[Opening Source data section]

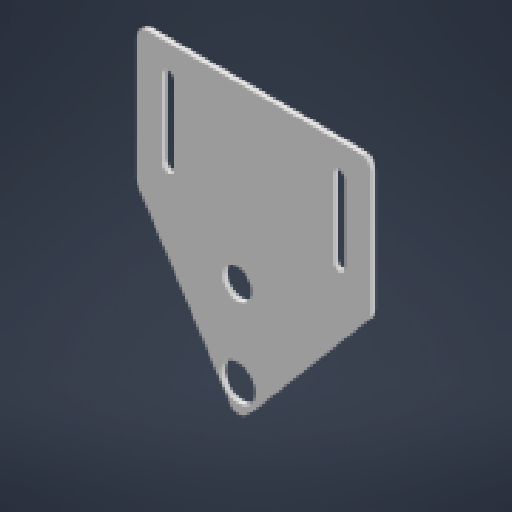
# Autodesk Inventor part: Part21
Saved by Autodesk Inventor 2023.2 (Build 272271000, 271)
## iProperties
Created: 2023-03-19
Part Number: Part21
Material: Generic
Document SubType Name: Modeling
Designer: Liam
Density: 1 g/cm^3
Appearance: Default
Author: Liam
Autodesk Inventor part; units mm, degrees
ref_plane "YZ Plane" through (0, 0, 0) normal (1, 0, 0) x (0, 1, 0)
ref_plane "XZ Plane" through (0, 0, 0) normal (0, 1, 0) x (-1, 0, 0)
ref_plane "XY Plane" through (0, 0, 0) normal (0, 0, 1) x (1, 0, 0)
sketch "Sketch1" plane through (0, 0, 0) normal (0, 0, 1) x (1, 0, 0)
  circle A0 centre (-0.2682, 25.3986) radius 2.0955
  circle A1 centre (0, 0) radius 5.2 projected
  line L0 (-19.0905, 68.1502) -> (-19.0905, 45.2902)
  line L1 (-22.4814, 68.1502) -> (-22.4814, 45.2902)
  line L2 (28.3186, 68.1502) -> (28.3186, 45.2902)
  line L3 (31.7095, 68.1502) -> (31.7095, 45.2902)
  arc A2 (-19.0905, 68.1502) -> (-22.4814, 68.1502) centre (-20.7859, 68.1502) ccw
  arc A3 (-22.4814, 45.2902) -> (-19.0905, 45.2902) centre (-20.7859, 45.2902) ccw
  arc A4 (31.7095, 68.1502) -> (28.3186, 68.1502) centre (30.0141, 68.1502) ccw
  arc A5 (28.3186, 45.2902) -> (31.7095, 45.2902) centre (30.0141, 45.2902) ccw
  line L4 (-22.4814, 56.7202) -> (-30.1014, 56.7202)
  line L5 (-30.1014, 56.7202) -> (-30.1014, 73.8652)
  line L6 (31.7095, 56.7202) -> (39.3295, 56.7202)
  line L7 (39.3295, 56.7202) -> (39.3295, 73.8652)
  line L8 (36.1545, 77.0402) -> (-26.9264, 77.0402)
  line L9 (-30.1014, 56.7202) -> (-30.1014, 37.3371)
  line L10 (39.3295, 56.7202) -> (39.3295, 37.5617)
  line L11 (0, 0) -> (0, -10.16)
  line L12 (-2.3266, -6.5613) -> (-29.5927, 35.6134)
  line L13 (2.7652, -6.8864) -> (38.58, 35.5129)
  arc A6 (-30.1014, 37.3371) -> (-29.5927, 35.6134) centre (-26.9264, 37.3371) ccw
  arc A7 (-26.9264, 77.0402) -> (-30.1014, 73.8652) centre (-26.9264, 73.8652) ccw
  arc A8 (39.3295, 73.8652) -> (36.1545, 77.0402) centre (36.1545, 73.8652) ccw
  arc A9 (38.58, 35.5129) -> (39.3295, 37.5617) centre (36.1545, 37.5617) ccw
  arc A10 (-2.3266, -6.5613) -> (2.7652, -6.8864) centre (0.3398, -4.8376) ccw
  circle A11 centre (-8.0859, 47.3249) radius 2.1844 projected
  circle A12 centre (17.3141, 47.3249) radius 2.1844 projected
  point P0 (0, 0)
  point P1 (-30.1014, 77.0402)
  point P2 (-30.1014, 36.4002)
  point P3 (39.3295, 36.4002)
  dimension "d5" = 7.62
  dimension "d6" = 20.32
  dimension "d7" = 7.62
  dimension "d8" = 20.32
  dimension "d9" = 20.32
  dimension "d10" = 10.16
  dimension "d11" = 3.175
  dimension "d12" = 4.191
  constraints: 28 end point, 18 point on circle, 18 tangent, 10 centre point, 9 vertical, 8 point on line, 4 equal radius, 2 horizontal, 2 midpoint, 1 perpendicular
  measures "d5" distance of L4.start L4.end
  measures "d6" distance of L4.end point (-30.101, 77.04)
  measures "d7" distance of L6.start L6.end
  measures "d8" distance of L4.end point (-30.101, 36.4)
  measures "d9" distance of L6.end point (39.33, 36.4)
  measures "d10" distance of L11.start L11.end
  measures "d11" radius of A6
  measures "d12" diameter of A0
extrude "Extrusion1" add sketch "Sketch1" along normal blind 1.524
body "Solid1"

[Closing Source data section]

*Your goal:*
State the number of lines in the preceding data that contain the word "Autodesk", and nothing besides.

*Worked solution:*
3